Capítulo 1

14:14 horas, plaza de la Santísima Trinidad. Quince días antes de Navidad.

El aire huele a nieve. Sabe a nieve. Ese fuerte regusto metálico, una sensación al fondo de la garganta. Frío y mentol. Cobre, quizás.

McAvoy respira hondo. Se llena de ese aire de Yorkshire, helado y complejo, sazonado con la sal y el rocío marino de la costa, el humo de las refinerías de petróleo, el cacao tostado de la fábrica de chocolate, el olor acre del forraje descargado en los muelles esta mañana, los cigarrillos y las fritangas de una población en declive y una ciudad de capa caída.

Ésta.

Hull.

Su hogar.

McAvoy mira al cielo, veteado de nubes deshilachadas.

Frío como una tumba.

Busca el sol. Mueve la cabeza de acá para allá tratando de encontrar el foco de luz brillante y acuosa que inunda esta plaza del mercado y ensombrece las lunas de los cafés y los pubs que rodean la animada piazza. Sonríe al encontrarlo, a salvo detrás de la iglesia, colgado del cielo como una placa de latón: oculto tras la imponente aguja y su sudario de lona y andamios.

—Más, papá. Más.

McAvoy baja la mirada. Hace una mueca a su hijo.

—Perdona. Estaba pensando en otra cosa.

Levanta el tenedor y deposita otra porción de tarta de chocolate en la boca sonriente del niño, completamente abierta. Observa cómo mastica y traga antes de volver a abrirla como un polluelo a la espera de una lombriz.

—Eso es lo que eres —dice McAvoy con una sonrisa al pensar que a Finlay la descripción le parecerá divertida—. Un pajarito pidiendo lombrices.

—Pío, pío —bromea Finlay agitando los brazos como si fueran alas—. Más lombrices.

McAvoy ríe y mientras rebaña la tarta que queda en el plato se inclina hacia delante y besa la cabeza del niño. No consigue disfrutar del delicioso olor a champú en el cabello de su hijo porque Fin va abrigado con un gorro de lana con borla y un forro polar.
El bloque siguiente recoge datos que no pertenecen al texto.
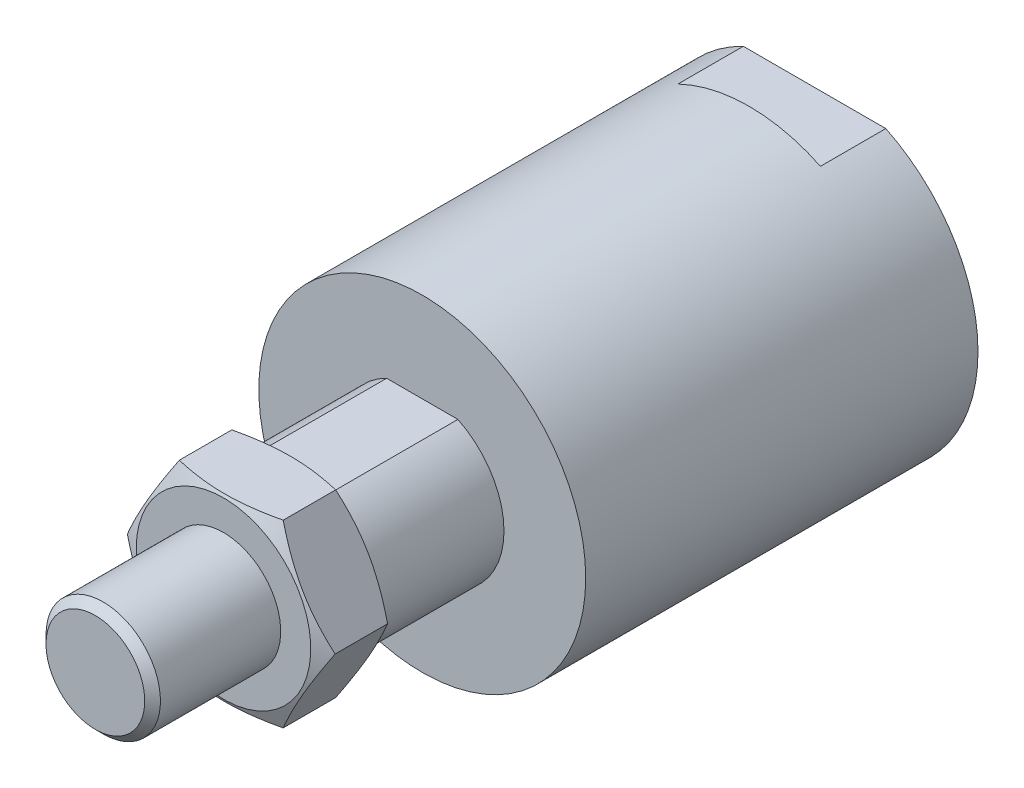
ISO-10303-21;
HEADER;
FILE_DESCRIPTION(('STEP AP214'),'2;1');
FILE_NAME('part.step','',(''),(''),'','','');
FILE_SCHEMA(('AUTOMOTIVE_DESIGN { 1 0 10303 214 1 1 1 1 }'));
ENDSEC;
DATA;
#1=APPLICATION_CONTEXT('core data for automotive mechanical design processes');
#2=APPLICATION_PROTOCOL_DEFINITION('international standard','automotive_design',2000,#1);
#3=PRODUCT_CONTEXT('',#1,'mechanical');
#4=PRODUCT('Part','Part','',(#3));
#5=PRODUCT_RELATED_PRODUCT_CATEGORY('part','',(#4));
#6=PRODUCT_DEFINITION_FORMATION('','',#4);
#7=PRODUCT_DEFINITION_CONTEXT('part definition',#1,'design');
#8=PRODUCT_DEFINITION('design','',#6,#7);
#9=PRODUCT_DEFINITION_SHAPE('','',#8);
#10=(LENGTH_UNIT() NAMED_UNIT(*) SI_UNIT(.MILLI.,.METRE.));
#11=(NAMED_UNIT(*) PLANE_ANGLE_UNIT() SI_UNIT($,.RADIAN.));
#12=(NAMED_UNIT(*) SI_UNIT($,.STERADIAN.) SOLID_ANGLE_UNIT());
#13=UNCERTAINTY_MEASURE_WITH_UNIT(LENGTH_MEASURE(1.E-05),#10,'distance_accuracy_value','');
#14=(GEOMETRIC_REPRESENTATION_CONTEXT(3) GLOBAL_UNCERTAINTY_ASSIGNED_CONTEXT((#13)) GLOBAL_UNIT_ASSIGNED_CONTEXT((#10,
#11,#12)) REPRESENTATION_CONTEXT('',''));
#15=CARTESIAN_POINT('',(0.,0.,0.));
#16=DIRECTION('',(0.,0.,1.));
#17=DIRECTION('',(1.,0.,0.));
#18=AXIS2_PLACEMENT_3D('',#15,#16,#17);
#19=CARTESIAN_POINT('',(0.00127583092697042,0.,12.4460057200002));
#20=DIRECTION('',(0.,0.,1.));
#21=DIRECTION('',(1.,-1.02068069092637E-11,0.));
#22=AXIS2_PLACEMENT_3D('',#19,#20,#21);
#23=CYLINDRICAL_SURFACE('',#22,5.55625);
#24=CARTESIAN_POINT('',(0.00127583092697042,0.,11.6840057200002));
#25=DIRECTION('',(0.,0.,-1.));
#26=DIRECTION('',(-1.,1.02068069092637E-11,0.));
#27=AXIS2_PLACEMENT_3D('',#24,#25,#26);
#28=CIRCLE('',#27,5.55625);
#29=CARTESIAN_POINT('',(-5.55497416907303,5.66917698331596E-11,11.6840057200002));
#30=VERTEX_POINT('',#29);
#31=EDGE_CURVE('E195',#30,#30,#28,.T.);
#32=ORIENTED_EDGE('',*,*,#31,.T.);
#33=EDGE_LOOP('',(#32));
#34=FACE_BOUND('',#33,.T.);
#35=CARTESIAN_POINT('',(0.00127583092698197,0.,0.));
#36=DIRECTION('',(0.,0.,1.));
#37=DIRECTION('',(-1.,0.,0.));
#38=AXIS2_PLACEMENT_3D('',#35,#36,#37);
#39=CIRCLE('',#38,5.5562451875);
#40=CARTESIAN_POINT('',(-5.55496935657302,0.,0.));
#41=VERTEX_POINT('',#40);
#42=EDGE_CURVE('E254',#41,#41,#39,.T.);
#43=ORIENTED_EDGE('',*,*,#42,.T.);
#44=EDGE_LOOP('',(#43));
#45=FACE_BOUND('',#44,.T.);
#46=ADVANCED_FACE('F15',(#34,#45),#23,.T.);
#47=CARTESIAN_POINT('',(0.00127583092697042,0.,12.4460057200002));
#48=DIRECTION('',(0.,0.,-1.));
#49=DIRECTION('',(-1.,1.02068069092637E-11,0.));
#50=AXIS2_PLACEMENT_3D('',#47,#48,#49);
#51=CONICAL_SURFACE('',#50,4.79425,0.785398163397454);
#52=ORIENTED_EDGE('',*,*,#31,.F.);
#53=EDGE_LOOP('',(#52));
#54=FACE_BOUND('',#53,.T.);
#55=CARTESIAN_POINT('',(0.00127583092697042,0.,12.4460057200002));
#56=DIRECTION('',(0.,0.,-1.));
#57=DIRECTION('',(-1.,1.02068069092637E-11,0.));
#58=AXIS2_PLACEMENT_3D('',#55,#56,#57);
#59=CIRCLE('',#58,4.79425);
#60=CARTESIAN_POINT('',(-4.79297416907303,4.89141829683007E-11,12.4460057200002));
#61=VERTEX_POINT('',#60);
#62=EDGE_CURVE('E192',#61,#61,#59,.F.);
#63=ORIENTED_EDGE('',*,*,#62,.F.);
#64=EDGE_LOOP('',(#63));
#65=FACE_BOUND('',#64,.T.);
#66=ADVANCED_FACE('F123',(#54,#65),#51,.T.);
#67=CARTESIAN_POINT('',(0.00127583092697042,0.,12.4460057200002));
#68=DIRECTION('',(0.,0.,-1.));
#69=DIRECTION('',(-1.,1.02068069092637E-11,0.));
#70=AXIS2_PLACEMENT_3D('',#67,#68,#69);
#71=PLANE('',#70);
#72=ORIENTED_EDGE('',*,*,#62,.T.);
#73=EDGE_LOOP('',(#72));
#74=FACE_BOUND('',#73,.T.);
#75=ADVANCED_FACE('F400',(#74),#71,.F.);
#76=CARTESIAN_POINT('',(-3.45860020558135,-7.14374999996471,-26.2691222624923));
#77=DIRECTION('',(1.02068069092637E-11,1.,0.));
#78=DIRECTION('',(0.,0.,1.));
#79=AXIS2_PLACEMENT_3D('',#76,#77,#78);
#80=PLANE('',#79);
#81=DIRECTION('',(0.,0.,1.));
#82=VECTOR('',#81,1.);
#83=CARTESIAN_POINT('',(3.46115186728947,-7.14375000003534,-26.2691222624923));
#84=LINE('',#83,#82);
#85=CARTESIAN_POINT('',(3.46115186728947,-7.14375000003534,-19.3039942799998));
#86=VERTEX_POINT('',#85);
#87=CARTESIAN_POINT('',(3.46115186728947,-7.14375000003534,-6.60399427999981));
#88=VERTEX_POINT('',#87);
#89=EDGE_CURVE('E148',#86,#88,#84,.T.);
#90=ORIENTED_EDGE('',*,*,#89,.T.);
#91=DIRECTION('',(1.,-1.02068069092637E-11,0.));
#92=VECTOR('',#91,1.);
#93=CARTESIAN_POINT('',(0.00127583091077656,-7.14375,-6.6039942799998));
#94=LINE('',#93,#92);
#95=CARTESIAN_POINT('',(-3.45860020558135,-7.14374999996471,-6.6039942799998));
#96=VERTEX_POINT('',#95);
#97=EDGE_CURVE('E19',#96,#88,#94,.T.);
#98=ORIENTED_EDGE('',*,*,#97,.F.);
#99=DIRECTION('',(0.,0.,1.));
#100=VECTOR('',#99,1.);
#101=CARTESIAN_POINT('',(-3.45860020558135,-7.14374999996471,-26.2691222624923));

Está tentado de quitarle el gorro y aspirar profundamente el olor a hierba recién cortada y a panal de abejas que asocia con el greñudo pelo rojo de su hijo, pero en la terraza de ese café de moda, con sus mesas plateadas y sus sillas metálicas, hace un frío gélido y se contenta con acariciar la barbilla del chaval y gozar de su sonrisa.

—¿Cuándo vuelve mamá? —pregunta el chico, limpiándose la cara con un pico de la servilleta de papel y relamiéndose de un modo simpático con la lengua manchada de chocolate.

—No tardará —responde McAvoy mirando su reloj de manera instintiva—. Está buscando premios para papá.

—¿Premios? ¿Por qué?

—Por ser bueno.

—¿Cómo yo?

—Sí, como tú.

McAvoy se inclina hacia delante.

—Yo he sido muy bueno. Papá Noel me va a traer montones de regalos. Montones y montones.

McAvoy sonríe. Su hijo tiene razón. Cuando llegue Navidad, dentro de dos semanas, Fin encontrará el equivalente al sueldo de un mes empaquetado y envuelto bajo el espumillón rojo y las ramas plateadas del árbol artificial. La mitad del cuarto de estar de su adosado vulgar y corriente, una construcción nueva al norte de la ciudad, se llenará de balones de fútbol, ropa y figuras de superhéroes. Las compras empezaron en junio, justo antes de que Roisin supiera que estaba otra vez embarazada. No se pueden permitir lo que llevan gastado. Ni siquiera la mitad, considerando los gastos que el año nuevo traerá. Pero sabe lo que la Navidad significa para ella y ha tirado de la tarjeta de crédito a discreción. El día de Navidad, Roisin se encontrará un collar de granates y platino en su calcetín. Una chaqueta de cuero roja para cuando recupere la figura después del parto. Los DVD de Sex and the City. Entradas para el concierto de UB40 en el bosque de Delamere en marzo. Roisin saltará de alegría y hará esos ruidos que a él le encantan. Correrá al espejo y se probará la chaqueta sobre su holgada camiseta y su vientre abultado de embarazada. Llenará de sonrisas su precioso y delicado rostro, y acto seguido le cubrirá de besos mientras olvida que ese es un día para los niños y que su hijo aún tiene que abrir sus regalos.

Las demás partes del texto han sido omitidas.